In web development, HTML and XML are commonly used data formats essential for content presentation and data exchange. PHP, beyond generating web pages, can also parse and manipulate these structures efficiently. This guide introduces how to use PHP's DOMDocument class to work with HTML and XML documents.

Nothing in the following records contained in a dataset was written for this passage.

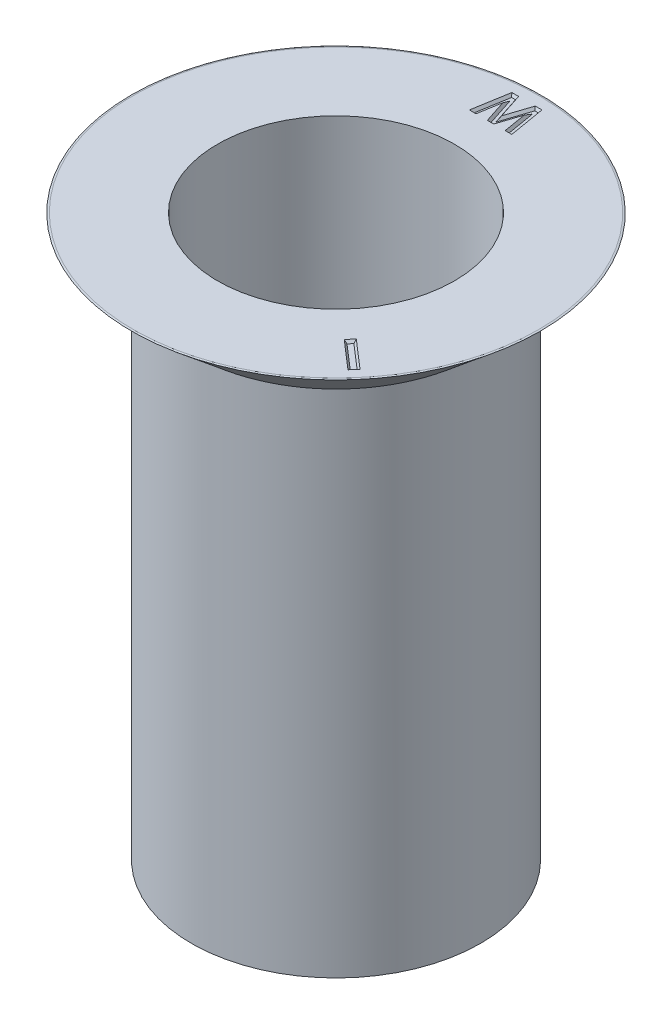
ISO-10303-21;
HEADER;
FILE_DESCRIPTION(('STEP AP214'),'2;1');
FILE_NAME('part.step','',(''),(''),'','','');
FILE_SCHEMA(('AUTOMOTIVE_DESIGN { 1 0 10303 214 1 1 1 1 }'));
ENDSEC;
DATA;
#1=APPLICATION_CONTEXT('core data for automotive mechanical design processes');
#2=APPLICATION_PROTOCOL_DEFINITION('international standard','automotive_design',2000,#1);
#3=PRODUCT_CONTEXT('',#1,'mechanical');
#4=PRODUCT('Part','Part','',(#3));
#5=PRODUCT_RELATED_PRODUCT_CATEGORY('part','',(#4));
#6=PRODUCT_DEFINITION_FORMATION('','',#4);
#7=PRODUCT_DEFINITION_CONTEXT('part definition',#1,'design');
#8=PRODUCT_DEFINITION('design','',#6,#7);
#9=PRODUCT_DEFINITION_SHAPE('','',#8);
#10=(LENGTH_UNIT() NAMED_UNIT(*) SI_UNIT(.MILLI.,.METRE.));
#11=(NAMED_UNIT(*) PLANE_ANGLE_UNIT() SI_UNIT($,.RADIAN.));
#12=(NAMED_UNIT(*) SI_UNIT($,.STERADIAN.) SOLID_ANGLE_UNIT());
#13=UNCERTAINTY_MEASURE_WITH_UNIT(LENGTH_MEASURE(1.E-05),#10,'distance_accuracy_value','');
#14=(GEOMETRIC_REPRESENTATION_CONTEXT(3) GLOBAL_UNCERTAINTY_ASSIGNED_CONTEXT((#13)) GLOBAL_UNIT_ASSIGNED_CONTEXT((#10,
#11,#12)) REPRESENTATION_CONTEXT('',''));
#15=CARTESIAN_POINT('',(0.,0.,0.));
#16=DIRECTION('',(0.,0.,1.));
#17=DIRECTION('',(1.,0.,0.));
#18=AXIS2_PLACEMENT_3D('',#15,#16,#17);
#19=CARTESIAN_POINT('',(-2.75034901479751,-1.82969337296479,3.52704224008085E-05));
#20=DIRECTION('',(0.,-1.,0.));
#21=DIRECTION('',(1.,0.,0.));
#22=AXIS2_PLACEMENT_3D('',#19,#20,#21);
#23=PLANE('',#22);
#24=DIRECTION('',(0.166512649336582,0.,-0.986039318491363));
#25=VECTOR('',#24,1.);
#26=CARTESIAN_POINT('',(-0.501665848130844,-1.82969337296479,-3.5336902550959));
#27=LINE('',#26,#25);
#28=CARTESIAN_POINT('',(-0.501665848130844,-1.82969337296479,-3.5336902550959));
#29=VERTEX_POINT('',#28);
#30=CARTESIAN_POINT('',(-0.362263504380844,-1.82969337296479,-4.3591902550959));
#31=VERTEX_POINT('',#30);
#32=EDGE_CURVE('E62',#29,#31,#27,.T.);
#33=ORIENTED_EDGE('',*,*,#32,.T.);
#34=DIRECTION('',(1.,0.,0.));
#35=VECTOR('',#34,1.);
#36=CARTESIAN_POINT('',(-0.362263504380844,-1.82969337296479,-4.3591902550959));
#37=LINE('',#36,#35);
#38=CARTESIAN_POINT('',(-0.208474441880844,-1.82969337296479,-4.3591902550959));
#39=VERTEX_POINT('',#38);
#40=EDGE_CURVE('E221',#31,#39,#37,.T.);
#41=ORIENTED_EDGE('',*,*,#40,.T.);
#42=DIRECTION('',(0.310900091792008,0.,0.950442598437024));
#43=VECTOR('',#42,1.);
#44=CARTESIAN_POINT('',(-0.208474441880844,-1.82969337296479,-4.3591902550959));
#45=LINE('',#44,#43);
#46=CARTESIAN_POINT('',(-0.0201241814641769,-1.82969337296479,-3.78339077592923));
#47=VERTEX_POINT('',#46);
#48=EDGE_CURVE('E224',#39,#47,#45,.T.);
#49=ORIENTED_EDGE('',*,*,#48,.T.);
#50=DIRECTION('',(0.312870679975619,0.,-0.949795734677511));
#51=VECTOR('',#50,1.);
#52=CARTESIAN_POINT('',(-0.0201241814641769,-1.82969337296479,-3.78339077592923));
#53=LINE('',#52,#51);
#54=CARTESIAN_POINT('',(0.169548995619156,-1.82969337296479,-4.3591902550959));
#55=VERTEX_POINT('',#54);
#56=EDGE_CURVE('E227',#47,#55,#53,.T.);
#57=ORIENTED_EDGE('',*,*,#56,.T.);
#58=DIRECTION('',(1.,0.,0.));
#59=VECTOR('',#58,1.);
#60=CARTESIAN_POINT('',(0.169548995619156,-1.82969337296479,-4.3591902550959));
#61=LINE('',#60,#59);
#62=CARTESIAN_POINT('',(0.321849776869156,-1.82969337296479,-4.3591902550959));
#63=VERTEX_POINT('',#62);
#64=EDGE_CURVE('E230',#55,#63,#61,.T.);
#65=ORIENTED_EDGE('',*,*,#64,.T.);
#66=DIRECTION('',(0.166704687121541,0.,0.98600686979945));
#67=VECTOR('',#66,1.);
#68=CARTESIAN_POINT('',(0.321849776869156,-1.82969337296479,-4.3591902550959));
#69=LINE('',#68,#67);
#70=CARTESIAN_POINT('',(0.46141748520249,-1.82969337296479,-3.5336902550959));
#71=VERTEX_POINT('',#70);
#72=EDGE_CURVE('E233',#63,#71,#69,.T.);
#73=ORIENTED_EDGE('',*,*,#72,.T.);
#74=DIRECTION('',(-1.,0.,0.));
#75=VECTOR('',#74,1.);
#76=CARTESIAN_POINT('',(0.46141748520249,-1.82969337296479,-3.5336902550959));
#77=LINE('',#76,#75);
#78=CARTESIAN_POINT('',(0.311431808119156,-1.82969337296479,-3.5336902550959));
#79=VERTEX_POINT('',#78);
#80=EDGE_CURVE('E236',#71,#79,#77,.T.);
#81=ORIENTED_EDGE('',*,*,#80,.T.);
#82=DIRECTION('',(-0.166680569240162,0.,-0.986010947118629));
#83=VECTOR('',#82,1.);
#84=CARTESIAN_POINT('',(0.311431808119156,-1.82969337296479,-3.5336902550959));
#85=LINE('',#84,#83);
#86=CARTESIAN_POINT('',(0.22329248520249,-1.82969337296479,-4.0550847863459));
#87=VERTEX_POINT('',#86);
#88=EDGE_CURVE('E239',#79,#87,#85,.T.);
#89=ORIENTED_EDGE('',*,*,#88,.T.);
#90=DIRECTION('',(-0.312700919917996,0.,0.949851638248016));
#91=VECTOR('',#90,1.);
#92=CARTESIAN_POINT('',(0.22329248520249,-1.82969337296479,-4.0550847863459));
#93=LINE('',#92,#91);
#94=CARTESIAN_POINT('',(0.0516440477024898,-1.82969337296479,-3.5336902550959));
#95=VERTEX_POINT('',#94);
#96=EDGE_CURVE('E242',#87,#95,#93,.T.);
#97=ORIENTED_EDGE('',*,*,#96,.T.);
#98=DIRECTION('',(-1.,0.,0.));
#99=VECTOR('',#98,1.);
#100=CARTESIAN_POINT('',(0.0516440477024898,-1.82969337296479,-3.5336902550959));
#101=LINE('',#100,#99);
#102=CARTESIAN_POINT('',(-0.0928845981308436,-1.82969337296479,-3.5336902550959));
#103=VERTEX_POINT('',#102);
#104=EDGE_CURVE('E245',#95,#103,#101,.T.);
#105=ORIENTED_EDGE('',*,*,#104,.T.);
#106=DIRECTION('',(-0.311068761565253,0.,-0.950387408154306));
#107=VECTOR('',#106,1.);
#108=CARTESIAN_POINT('',(-0.0928845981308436,-1.82969337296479,-3.5336902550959));
#109=LINE('',#108,#107);
#110=CARTESIAN_POINT('',(-0.263540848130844,-1.82969337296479,-4.0550847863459));
#111=VERTEX_POINT('',#110);
#112=EDGE_CURVE('E248',#103,#111,#109,.T.);
#113=ORIENTED_EDGE('',*,*,#112,.T.);
#114=DIRECTION('',(-0.166376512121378,0.,0.986062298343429));
#115=VECTOR('',#114,1.);
#116=CARTESIAN_POINT('',(-0.263540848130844,-1.82969337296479,-4.0550847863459));
#117=LINE('',#116,#115);
#118=CARTESIAN_POINT('',(-0.351514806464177,-1.82969337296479,-3.5336902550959));
#119=VERTEX_POINT('',#118);
#120=EDGE_CURVE('E251',#111,#119,#117,.T.);
#121=ORIENTED_EDGE('',*,*,#120,.T.);
#122=DIRECTION('',(-1.,0.,0.));
#123=VECTOR('',#122,1.);
#124=CARTESIAN_POINT('',(-0.351514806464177,-1.82969337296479,-3.5336902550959));
#125=LINE('',#124,#123);
#126=EDGE_CURVE('E254',#119,#29,#125,.T.);
#127=ORIENTED_EDGE('',*,*,#126,.T.);
#128=EDGE_LOOP('',(#33,#41,#49,#57,#65,#73,#81,#89,#97,#105,#113,#121,#127));
#129=FACE_BOUND('',#128,.T.);
#130=CARTESIAN_POINT('',(0.00104248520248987,-1.82969337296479,3.52704224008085E-05));
#131=DIRECTION('',(0.,-1.,0.));
#132=DIRECTION('',(1.,0.,0.));
#133=AXIS2_PLACEMENT_3D('',#130,#131,#132);
#134=CIRCLE('',#133,4.60629);
#135=CARTESIAN_POINT('',(4.60733248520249,-1.82969337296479,3.52704224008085E-05));
#136=VERTEX_POINT('',#135);
#137=EDGE_CURVE('E432',#136,#136,#134,.T.);
#138=ORIENTED_EDGE('',*,*,#137,.F.);
#139=EDGE_LOOP('',(#138));
#140=FACE_BOUND('',#139,.T.);
#141=CARTESIAN_POINT('',(0.00104248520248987,-1.82969337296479,3.52704224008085E-05));
#142=DIRECTION('',(0.,-1.,0.));
#143=DIRECTION('',(1.,0.,0.));
#144=AXIS2_PLACEMENT_3D('',#141,#142,#143);
#145=CIRCLE('',#144,2.6919555);
#146=CARTESIAN_POINT('',(2.69299798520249,-1.82969337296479,3.52704224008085E-05));
#147=VERTEX_POINT('',#146);
#148=EDGE_CURVE('E429',#147,#147,#145,.T.);
#149=ORIENTED_EDGE('',*,*,#148,.T.);
#150=EDGE_LOOP('',(#149));
#151=FACE_BOUND('',#150,.T.);
#152=DIRECTION('',(0.755766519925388,0.,0.654841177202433));
#153=VECTOR('',#152,1.);
#154=CARTESIAN_POINT('',(2.71997891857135,-1.82969337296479,2.25809990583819));
#155=LINE('',#154,#153);
#156=CARTESIAN_POINT('',(2.71997891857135,-1.82969337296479,2.25809990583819));
#157=VERTEX_POINT('',#156);
#158=CARTESIAN_POINT('',(3.35894766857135,-1.82969337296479,2.81174053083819));
#159=VERTEX_POINT('',#158);
#160=EDGE_CURVE('E54',#157,#159,#155,.T.);
#161=ORIENTED_EDGE('',*,*,#160,.T.);
#162=DIRECTION('',(-0.654638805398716,0.,0.755941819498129));
#163=VECTOR('',#162,1.);
#164=CARTESIAN_POINT('',(3.35894766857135,-1.82969337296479,2.81174053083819));
#165=LINE('',#164,#163);
#166=CARTESIAN_POINT('',(3.23178230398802,-1.82969337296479,2.95858428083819));
#167=VERTEX_POINT('',#166);
#168=EDGE_CURVE('E186',#159,#167,#165,.T.);
#169=ORIENTED_EDGE('',*,*,#168,.T.);
#170=DIRECTION('',(-0.755766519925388,0.,-0.654841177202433));
#171=VECTOR('',#170,1.);
#172=CARTESIAN_POINT('',(3.23178230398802,-1.82969337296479,2.95858428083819));
#173=LINE('',#172,#171);
#174=CARTESIAN_POINT('',(2.59281355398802,-1.82969337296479,2.40494365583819));
#175=VERTEX_POINT('',#174);
#176=EDGE_CURVE('E194',#167,#175,#173,.T.);
#177=ORIENTED_EDGE('',*,*,#176,.T.);
#178=DIRECTION('',(0.654638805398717,0.,-0.755941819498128));
#179=VECTOR('',#178,1.);
#180=CARTESIAN_POINT('',(2.59281355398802,-1.82969337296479,2.40494365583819));
#181=LINE('',#180,#179);
#182=EDGE_CURVE('E203',#175,#157,#181,.T.);
#183=ORIENTED_EDGE('',*,*,#182,.T.);
#184=EDGE_LOOP('',(#161,#169,#177,#183));
#185=FACE_BOUND('',#184,.T.);
#186=ADVANCED_FACE('F39',(#129,#140,#151,#185),#23,.F.);
#187=CARTESIAN_POINT('',(0.00104248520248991,-8.01846687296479,3.52704224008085E-05));
#188=DIRECTION('',(0.,1.,0.));
#189=DIRECTION('',(0.,0.,1.));
#190=AXIS2_PLACEMENT_3D('',#187,#188,#189);
#191=CONICAL_SURFACE('',#190,1.991106,0.785398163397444);
#192=CARTESIAN_POINT('',(0.00104248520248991,-7.52316687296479,3.52704224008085E-05));
#193=DIRECTION('',(0.,-1.,0.));
#194=DIRECTION('',(0.,0.,-1.));
#195=AXIS2_PLACEMENT_3D('',#192,#193,#194);
#196=CIRCLE('',#195,2.486406);
#197=CARTESIAN_POINT('',(0.00104248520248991,-7.52316687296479,-2.4863707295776));
#198=VERTEX_POINT('',#197);
#199=EDGE_CURVE('E417',#198,#198,#196,.T.);
#200=ORIENTED_EDGE('',*,*,#199,.F.);
#201=EDGE_LOOP('',(#200));
#202=FACE_BOUND('',#201,.T.);
#203=CARTESIAN_POINT('',(1.14280345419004,-8.01846687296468,-1.63118666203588));
#204=CARTESIAN_POINT('',(1.09870637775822,-8.0159711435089,-1.66510255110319));
#205=CARTESIAN_POINT('',(1.05312357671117,-8.01361553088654,-1.69703859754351));
#206=CARTESIAN_POINT('',(0.982878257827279,-8.01009005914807,-1.74200386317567));
#207=CARTESIAN_POINT('',(0.959152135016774,-8.00891626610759,-1.75650204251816));
#208=CARTESIAN_POINT('',(0.911128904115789,-8.0065372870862,-1.78452818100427));
#209=CARTESIAN_POINT('',(0.886831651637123,-8.00533209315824,-1.79805589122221));
#210=CARTESIAN_POINT('',(0.813188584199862,-8.00168817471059,-1.83710836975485));
#211=CARTESIAN_POINT('',(0.763037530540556,-7.99921841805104,-1.86113698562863));
#212=CARTESIAN_POINT('',(0.660955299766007,-7.99420915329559,-1.90503527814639));
#213=CARTESIAN_POINT('',(0.609023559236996,-7.99166962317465,-1.9249036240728));
#214=CARTESIAN_POINT('',(0.448752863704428,-7.98386340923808,-1.97882378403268));
#215=CARTESIAN_POINT('',(0.338033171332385,-7.97851285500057,-2.00607720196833));
#216=CARTESIAN_POINT('',(0.113688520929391,-7.96775856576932,-2.04183102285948));
#217=CARTESIAN_POINT('',(6.35618298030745E-05,-7.96235483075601,-2.050331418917));
#218=CARTESIAN_POINT('',(-0.228643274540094,-7.95156367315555,-2.04834005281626));
#219=CARTESIAN_POINT('',(-0.343724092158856,-7.94617745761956,-2.03759011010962));
#220=CARTESIAN_POINT('',(-0.513643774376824,-7.9382824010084,-2.00711818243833));
#221=CARTESIAN_POINT('',(-0.569856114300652,-7.93568038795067,-1.99456153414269));
#222=CARTESIAN_POINT('',(-0.681036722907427,-7.93055475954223,-1.96475083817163));
#223=CARTESIAN_POINT('',(-0.736005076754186,-7.92803113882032,-1.94749711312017));
#224=CARTESIAN_POINT('',(-0.844249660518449,-7.9230700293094,-1.90844021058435));
#225=CARTESIAN_POINT('',(-0.897527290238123,-7.92063246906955,-1.88664091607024));
#226=CARTESIAN_POINT('',(-1.00204825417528,-7.91589849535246,-1.8386011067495));
#227=CARTESIAN_POINT('',(-1.05329144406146,-7.91360209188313,-1.81236027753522));
#228=CARTESIAN_POINT('',(-1.15350984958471,-7.90891443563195,-1.7558346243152));
#229=CARTESIAN_POINT('',(-1.20248442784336,-7.90652315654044,-1.72554867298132));
#230=CARTESIAN_POINT('',(-1.29782666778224,-7.90166292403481,-1.6611484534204));
#231=CARTESIAN_POINT('',(-1.34419434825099,-7.89919397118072,-1.62703421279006));
#232=CARTESIAN_POINT('',(-1.48138459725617,-7.89156021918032,-1.5172948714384));
#233=CARTESIAN_POINT('',(-1.56760901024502,-7.88629411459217,-1.43578287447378));
#234=CARTESIAN_POINT('',(-1.72539261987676,-7.87566066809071,-1.25971316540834));
#235=CARTESIAN_POINT('',(-1.79695258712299,-7.87029333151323,-1.16515613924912));
#236=CARTESIAN_POINT('',(-1.9248044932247,-7.85949442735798,-0.963528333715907));
#237=CARTESIAN_POINT('',(-1.98075976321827,-7.85406374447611,-0.856243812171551));
#238=CARTESIAN_POINT('',(-2.07384287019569,-7.84339442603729,-0.633742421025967));
#239=CARTESIAN_POINT('',(-2.11097333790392,-7.83815576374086,-0.518526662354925));
#240=CARTESIAN_POINT('',(-2.15174548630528,-7.83055460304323,-0.342406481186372));
#241=CARTESIAN_POINT('',(-2.16284967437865,-7.82806321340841,-0.283138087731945));
#242=CARTESIAN_POINT('',(-2.180034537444,-7.82317480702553,-0.163849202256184));
#243=CARTESIAN_POINT('',(-2.1861152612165,-7.82077778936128,-0.103828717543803));
#244=CARTESIAN_POINT('',(-2.191418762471,-7.8172765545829,-0.0135831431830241));
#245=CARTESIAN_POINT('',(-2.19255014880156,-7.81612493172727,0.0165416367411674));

HTML files contain elements like tags, attributes, and text. PHP's built-in DOMDocument class can load and parse HTML documents easily. Here’s a simple example:
<?php $html = '<html><body><h1>Title</h1><p>Content</p></body></html>'; $dom = new DOMDocument(); $dom->loadHTML($html); echo $dom->saveHTML(); ?>
This code snippet loads an HTML string into a DOM object and then outputs it. You can manipulate the structure further as needed.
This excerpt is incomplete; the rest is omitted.